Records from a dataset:
+--
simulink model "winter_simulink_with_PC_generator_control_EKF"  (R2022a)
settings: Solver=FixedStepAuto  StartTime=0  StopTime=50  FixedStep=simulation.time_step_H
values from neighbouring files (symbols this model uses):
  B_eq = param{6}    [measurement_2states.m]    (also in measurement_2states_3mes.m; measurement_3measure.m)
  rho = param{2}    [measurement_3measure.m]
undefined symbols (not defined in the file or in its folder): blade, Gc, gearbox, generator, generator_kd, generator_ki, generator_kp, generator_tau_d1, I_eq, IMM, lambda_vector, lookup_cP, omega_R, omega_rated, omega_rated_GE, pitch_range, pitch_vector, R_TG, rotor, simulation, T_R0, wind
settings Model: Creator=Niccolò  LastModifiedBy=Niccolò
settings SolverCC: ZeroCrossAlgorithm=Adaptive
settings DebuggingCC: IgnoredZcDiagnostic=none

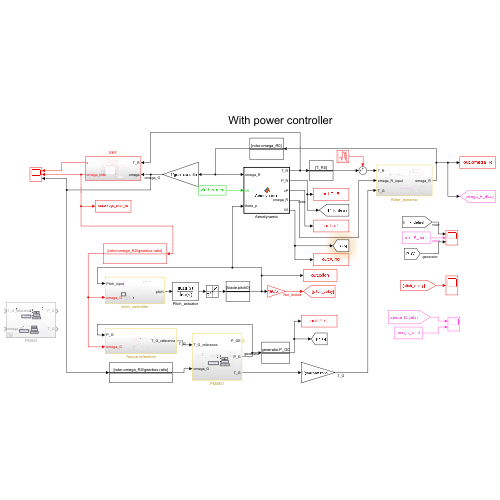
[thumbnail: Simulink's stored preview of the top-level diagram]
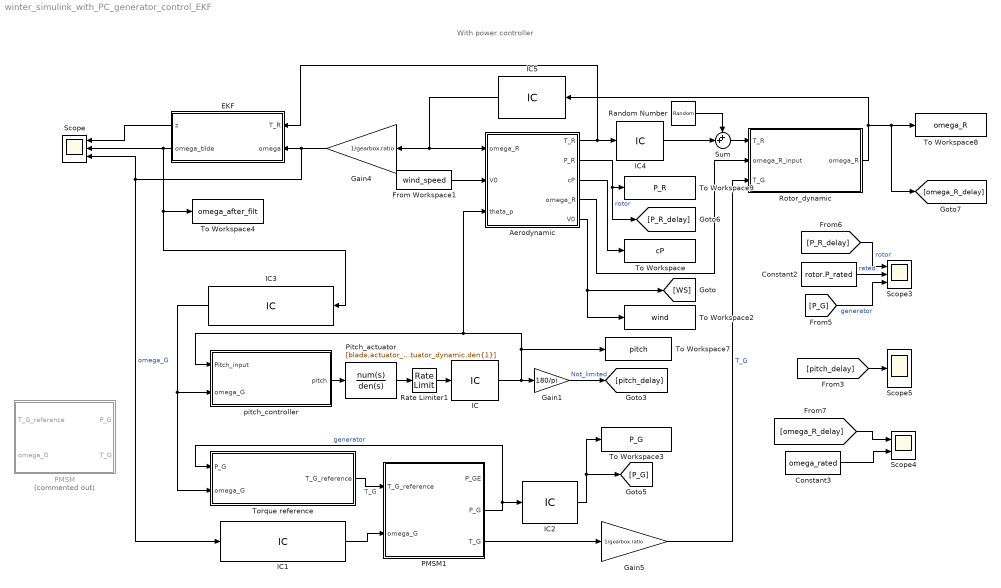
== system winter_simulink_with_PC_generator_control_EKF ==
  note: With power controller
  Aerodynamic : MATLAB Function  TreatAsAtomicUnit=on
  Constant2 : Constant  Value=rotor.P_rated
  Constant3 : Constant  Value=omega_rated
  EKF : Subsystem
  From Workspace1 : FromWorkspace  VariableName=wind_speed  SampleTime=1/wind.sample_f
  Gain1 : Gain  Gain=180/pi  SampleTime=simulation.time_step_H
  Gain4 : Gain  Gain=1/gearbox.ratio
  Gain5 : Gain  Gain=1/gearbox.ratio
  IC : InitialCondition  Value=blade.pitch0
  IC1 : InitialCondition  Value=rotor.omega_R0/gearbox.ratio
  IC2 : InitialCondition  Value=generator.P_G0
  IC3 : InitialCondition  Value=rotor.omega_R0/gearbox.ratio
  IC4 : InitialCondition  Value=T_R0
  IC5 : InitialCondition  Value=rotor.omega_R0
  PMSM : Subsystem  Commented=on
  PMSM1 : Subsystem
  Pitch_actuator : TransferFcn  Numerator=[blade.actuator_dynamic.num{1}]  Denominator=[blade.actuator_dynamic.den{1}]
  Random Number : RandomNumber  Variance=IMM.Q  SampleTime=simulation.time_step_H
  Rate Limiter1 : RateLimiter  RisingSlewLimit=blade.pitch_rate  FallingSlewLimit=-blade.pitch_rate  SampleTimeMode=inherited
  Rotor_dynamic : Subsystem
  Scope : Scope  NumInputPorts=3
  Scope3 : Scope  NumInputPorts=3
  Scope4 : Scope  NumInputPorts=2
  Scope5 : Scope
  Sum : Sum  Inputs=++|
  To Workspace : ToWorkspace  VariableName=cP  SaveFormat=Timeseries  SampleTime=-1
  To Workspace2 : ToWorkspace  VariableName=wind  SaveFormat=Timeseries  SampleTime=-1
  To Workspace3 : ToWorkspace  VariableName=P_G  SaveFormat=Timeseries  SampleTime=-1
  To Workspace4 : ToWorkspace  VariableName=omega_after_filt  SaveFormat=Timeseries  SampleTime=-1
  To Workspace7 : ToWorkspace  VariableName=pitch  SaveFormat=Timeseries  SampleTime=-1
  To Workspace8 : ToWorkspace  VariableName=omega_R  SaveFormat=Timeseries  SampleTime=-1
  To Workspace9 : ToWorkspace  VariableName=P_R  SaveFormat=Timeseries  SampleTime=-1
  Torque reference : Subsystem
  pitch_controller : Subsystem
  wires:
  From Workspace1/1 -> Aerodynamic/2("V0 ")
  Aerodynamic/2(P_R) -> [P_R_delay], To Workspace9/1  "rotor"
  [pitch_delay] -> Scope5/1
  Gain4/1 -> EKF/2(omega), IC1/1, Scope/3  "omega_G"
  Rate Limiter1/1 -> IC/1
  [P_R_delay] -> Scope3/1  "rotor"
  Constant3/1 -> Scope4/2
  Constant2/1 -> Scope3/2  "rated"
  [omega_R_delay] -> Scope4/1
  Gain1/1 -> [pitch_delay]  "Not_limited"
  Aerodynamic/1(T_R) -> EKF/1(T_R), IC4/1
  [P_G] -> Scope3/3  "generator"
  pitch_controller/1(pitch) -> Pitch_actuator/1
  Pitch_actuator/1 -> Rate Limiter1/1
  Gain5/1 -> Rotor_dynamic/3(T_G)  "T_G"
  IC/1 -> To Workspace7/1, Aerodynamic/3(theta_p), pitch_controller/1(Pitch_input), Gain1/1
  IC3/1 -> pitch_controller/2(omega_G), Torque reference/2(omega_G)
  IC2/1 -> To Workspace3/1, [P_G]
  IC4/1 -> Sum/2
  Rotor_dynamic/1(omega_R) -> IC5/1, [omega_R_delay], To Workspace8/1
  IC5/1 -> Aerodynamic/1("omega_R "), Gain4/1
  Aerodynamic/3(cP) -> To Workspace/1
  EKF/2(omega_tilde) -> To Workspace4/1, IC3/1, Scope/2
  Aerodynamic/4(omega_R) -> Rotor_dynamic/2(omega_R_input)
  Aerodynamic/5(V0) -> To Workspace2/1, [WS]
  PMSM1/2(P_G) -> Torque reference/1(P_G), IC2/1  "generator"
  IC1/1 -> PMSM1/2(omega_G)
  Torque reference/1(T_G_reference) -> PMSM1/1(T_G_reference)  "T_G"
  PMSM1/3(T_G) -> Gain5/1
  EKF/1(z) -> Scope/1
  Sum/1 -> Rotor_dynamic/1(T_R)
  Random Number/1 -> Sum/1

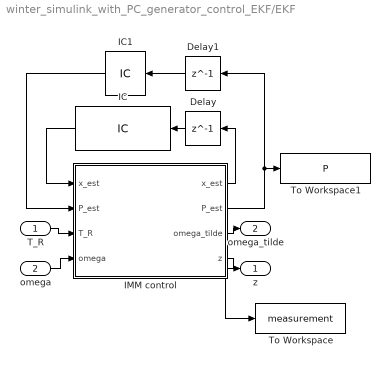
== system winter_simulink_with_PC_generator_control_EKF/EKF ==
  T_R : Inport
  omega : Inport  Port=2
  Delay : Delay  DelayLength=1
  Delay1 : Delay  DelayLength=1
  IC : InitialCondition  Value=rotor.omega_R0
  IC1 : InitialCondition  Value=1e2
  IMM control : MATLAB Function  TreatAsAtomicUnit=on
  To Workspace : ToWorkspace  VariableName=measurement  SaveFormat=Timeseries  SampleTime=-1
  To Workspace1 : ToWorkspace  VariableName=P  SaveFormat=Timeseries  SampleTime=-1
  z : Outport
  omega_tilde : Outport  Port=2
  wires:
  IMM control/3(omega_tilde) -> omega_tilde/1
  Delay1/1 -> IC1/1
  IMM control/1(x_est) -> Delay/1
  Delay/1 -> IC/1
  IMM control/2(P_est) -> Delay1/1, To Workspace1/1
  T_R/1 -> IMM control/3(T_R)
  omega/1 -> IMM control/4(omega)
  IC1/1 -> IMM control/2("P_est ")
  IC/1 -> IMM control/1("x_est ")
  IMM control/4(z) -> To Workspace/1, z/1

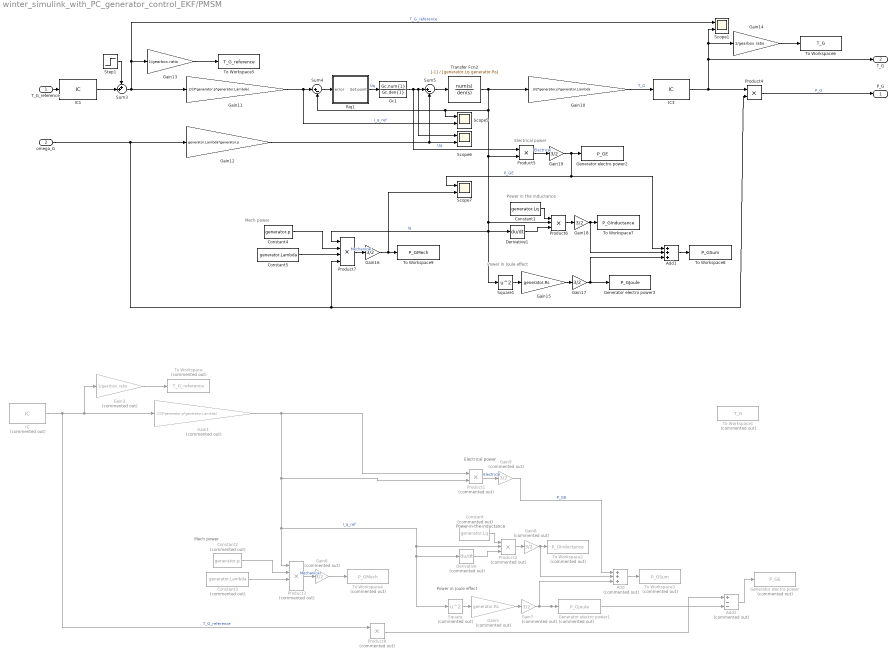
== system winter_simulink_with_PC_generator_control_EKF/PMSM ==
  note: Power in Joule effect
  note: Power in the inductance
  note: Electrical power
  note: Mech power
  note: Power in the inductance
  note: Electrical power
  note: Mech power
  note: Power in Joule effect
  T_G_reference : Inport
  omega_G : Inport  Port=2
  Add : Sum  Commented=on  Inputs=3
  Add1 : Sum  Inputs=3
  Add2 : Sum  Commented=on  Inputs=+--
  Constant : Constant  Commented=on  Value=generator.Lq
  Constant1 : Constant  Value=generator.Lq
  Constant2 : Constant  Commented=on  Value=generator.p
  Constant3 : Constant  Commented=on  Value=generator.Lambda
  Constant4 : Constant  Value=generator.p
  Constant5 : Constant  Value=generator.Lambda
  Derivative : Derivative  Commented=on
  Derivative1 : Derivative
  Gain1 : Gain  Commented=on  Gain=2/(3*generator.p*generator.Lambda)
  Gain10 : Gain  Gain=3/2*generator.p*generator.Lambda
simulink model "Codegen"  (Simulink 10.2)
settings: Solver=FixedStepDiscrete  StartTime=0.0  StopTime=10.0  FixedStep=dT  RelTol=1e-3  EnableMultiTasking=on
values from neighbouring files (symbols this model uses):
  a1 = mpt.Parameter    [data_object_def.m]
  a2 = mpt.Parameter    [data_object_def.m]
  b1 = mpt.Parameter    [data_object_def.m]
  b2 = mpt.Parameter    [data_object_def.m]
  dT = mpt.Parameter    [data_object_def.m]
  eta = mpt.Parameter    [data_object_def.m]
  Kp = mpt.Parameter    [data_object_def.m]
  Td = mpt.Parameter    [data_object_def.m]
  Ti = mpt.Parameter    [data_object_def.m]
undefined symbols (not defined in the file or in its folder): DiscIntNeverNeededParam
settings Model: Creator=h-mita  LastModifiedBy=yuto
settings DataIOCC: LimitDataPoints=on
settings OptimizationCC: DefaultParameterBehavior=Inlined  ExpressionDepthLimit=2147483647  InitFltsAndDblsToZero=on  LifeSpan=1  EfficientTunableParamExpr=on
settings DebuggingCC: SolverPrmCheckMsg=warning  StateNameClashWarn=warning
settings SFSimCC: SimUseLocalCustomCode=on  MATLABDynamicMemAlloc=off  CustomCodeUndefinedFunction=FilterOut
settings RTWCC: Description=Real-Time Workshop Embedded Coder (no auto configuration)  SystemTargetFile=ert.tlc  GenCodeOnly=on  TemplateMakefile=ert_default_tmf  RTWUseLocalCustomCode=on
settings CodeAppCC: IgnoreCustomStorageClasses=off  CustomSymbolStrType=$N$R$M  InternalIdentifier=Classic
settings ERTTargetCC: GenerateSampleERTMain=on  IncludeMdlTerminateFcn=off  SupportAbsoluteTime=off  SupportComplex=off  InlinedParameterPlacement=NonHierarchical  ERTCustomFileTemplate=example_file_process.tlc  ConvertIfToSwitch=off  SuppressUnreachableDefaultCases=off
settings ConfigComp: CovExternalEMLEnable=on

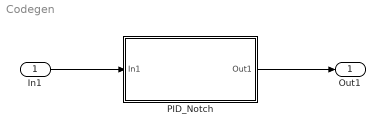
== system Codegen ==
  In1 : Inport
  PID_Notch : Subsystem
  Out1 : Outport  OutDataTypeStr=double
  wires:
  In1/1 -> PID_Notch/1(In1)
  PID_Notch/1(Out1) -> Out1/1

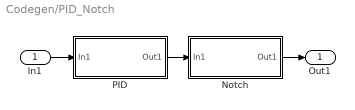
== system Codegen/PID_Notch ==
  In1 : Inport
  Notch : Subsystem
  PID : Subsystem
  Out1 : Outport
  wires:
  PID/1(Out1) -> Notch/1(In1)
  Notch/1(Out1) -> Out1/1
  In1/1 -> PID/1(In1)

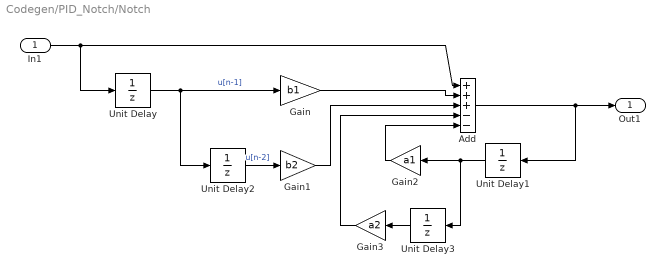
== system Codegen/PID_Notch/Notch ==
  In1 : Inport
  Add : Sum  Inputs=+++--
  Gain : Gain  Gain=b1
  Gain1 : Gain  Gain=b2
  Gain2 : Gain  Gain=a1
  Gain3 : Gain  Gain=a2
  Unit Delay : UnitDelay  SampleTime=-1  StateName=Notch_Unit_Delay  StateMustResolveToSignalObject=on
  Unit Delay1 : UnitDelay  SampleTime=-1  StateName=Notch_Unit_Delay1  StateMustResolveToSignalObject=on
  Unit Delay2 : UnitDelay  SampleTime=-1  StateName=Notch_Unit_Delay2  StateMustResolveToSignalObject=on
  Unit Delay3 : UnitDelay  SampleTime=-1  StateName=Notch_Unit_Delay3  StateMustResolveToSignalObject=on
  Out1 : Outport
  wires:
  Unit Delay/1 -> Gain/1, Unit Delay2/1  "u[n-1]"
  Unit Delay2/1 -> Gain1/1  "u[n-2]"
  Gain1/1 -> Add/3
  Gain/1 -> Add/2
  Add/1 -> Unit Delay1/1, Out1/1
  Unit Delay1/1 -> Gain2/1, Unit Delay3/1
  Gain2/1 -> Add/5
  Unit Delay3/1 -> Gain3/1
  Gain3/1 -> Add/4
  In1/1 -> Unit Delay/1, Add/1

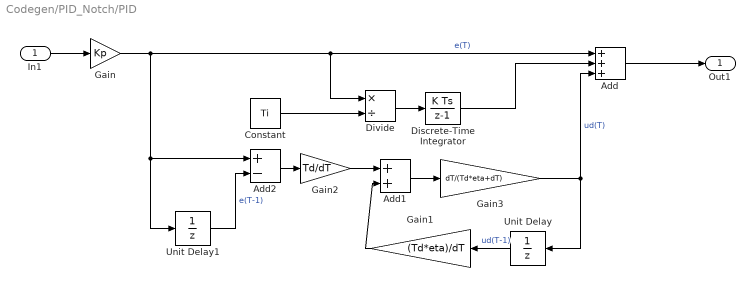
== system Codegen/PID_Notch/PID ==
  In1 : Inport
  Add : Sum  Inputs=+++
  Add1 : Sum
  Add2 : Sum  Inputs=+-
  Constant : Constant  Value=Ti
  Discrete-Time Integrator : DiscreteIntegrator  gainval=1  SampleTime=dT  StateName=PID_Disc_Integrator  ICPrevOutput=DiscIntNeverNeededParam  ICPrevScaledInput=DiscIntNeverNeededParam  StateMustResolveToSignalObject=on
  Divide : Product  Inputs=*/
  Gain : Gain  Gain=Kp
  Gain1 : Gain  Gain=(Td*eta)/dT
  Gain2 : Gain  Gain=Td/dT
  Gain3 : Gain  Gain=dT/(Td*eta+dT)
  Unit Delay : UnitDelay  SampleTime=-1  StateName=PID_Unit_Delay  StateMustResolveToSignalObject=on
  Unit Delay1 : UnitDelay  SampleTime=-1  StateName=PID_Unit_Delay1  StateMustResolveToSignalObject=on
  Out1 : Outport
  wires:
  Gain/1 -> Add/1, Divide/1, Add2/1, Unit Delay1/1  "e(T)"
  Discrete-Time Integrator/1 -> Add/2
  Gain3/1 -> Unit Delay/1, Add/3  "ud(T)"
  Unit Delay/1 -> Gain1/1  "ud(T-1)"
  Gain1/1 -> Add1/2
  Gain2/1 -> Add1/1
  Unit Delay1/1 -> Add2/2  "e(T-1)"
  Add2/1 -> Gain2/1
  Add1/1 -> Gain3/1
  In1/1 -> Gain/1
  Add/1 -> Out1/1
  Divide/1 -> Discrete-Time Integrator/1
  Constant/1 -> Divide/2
+--
Print the data exactly, from its first line to the line containing "From Workspace1 : FromWorkspace", both included. Omit the pictures.

Solution to this exercise:
simulink model "winter_simulink_with_PC_generator_control_EKF"  (R2022a)
settings: Solver=FixedStepAuto  StartTime=0  StopTime=50  FixedStep=simulation.time_step_H
values from neighbouring files (symbols this model uses):
  B_eq = param{6}    [measurement_2states.m]    (also in measurement_2states_3mes.m; measurement_3measure.m)
  rho = param{2}    [measurement_3measure.m]
undefined symbols (not defined in the file or in its folder): blade, Gc, gearbox, generator, generator_kd, generator_ki, generator_kp, generator_tau_d1, I_eq, IMM, lambda_vector, lookup_cP, omega_R, omega_rated, omega_rated_GE, pitch_range, pitch_vector, R_TG, rotor, simulation, T_R0, wind
settings Model: Creator=Niccolò  LastModifiedBy=Niccolò
settings SolverCC: ZeroCrossAlgorithm=Adaptive
settings DebuggingCC: IgnoredZcDiagnostic=none

[thumbnail: Simulink's stored preview of the top-level diagram]
== system winter_simulink_with_PC_generator_control_EKF ==
  note: With power controller
  Aerodynamic : MATLAB Function  TreatAsAtomicUnit=on
  Constant2 : Constant  Value=rotor.P_rated
  Constant3 : Constant  Value=omega_rated
  EKF : Subsystem
  From Workspace1 : FromWorkspace  VariableName=wind_speed  SampleTime=1/wind.sample_f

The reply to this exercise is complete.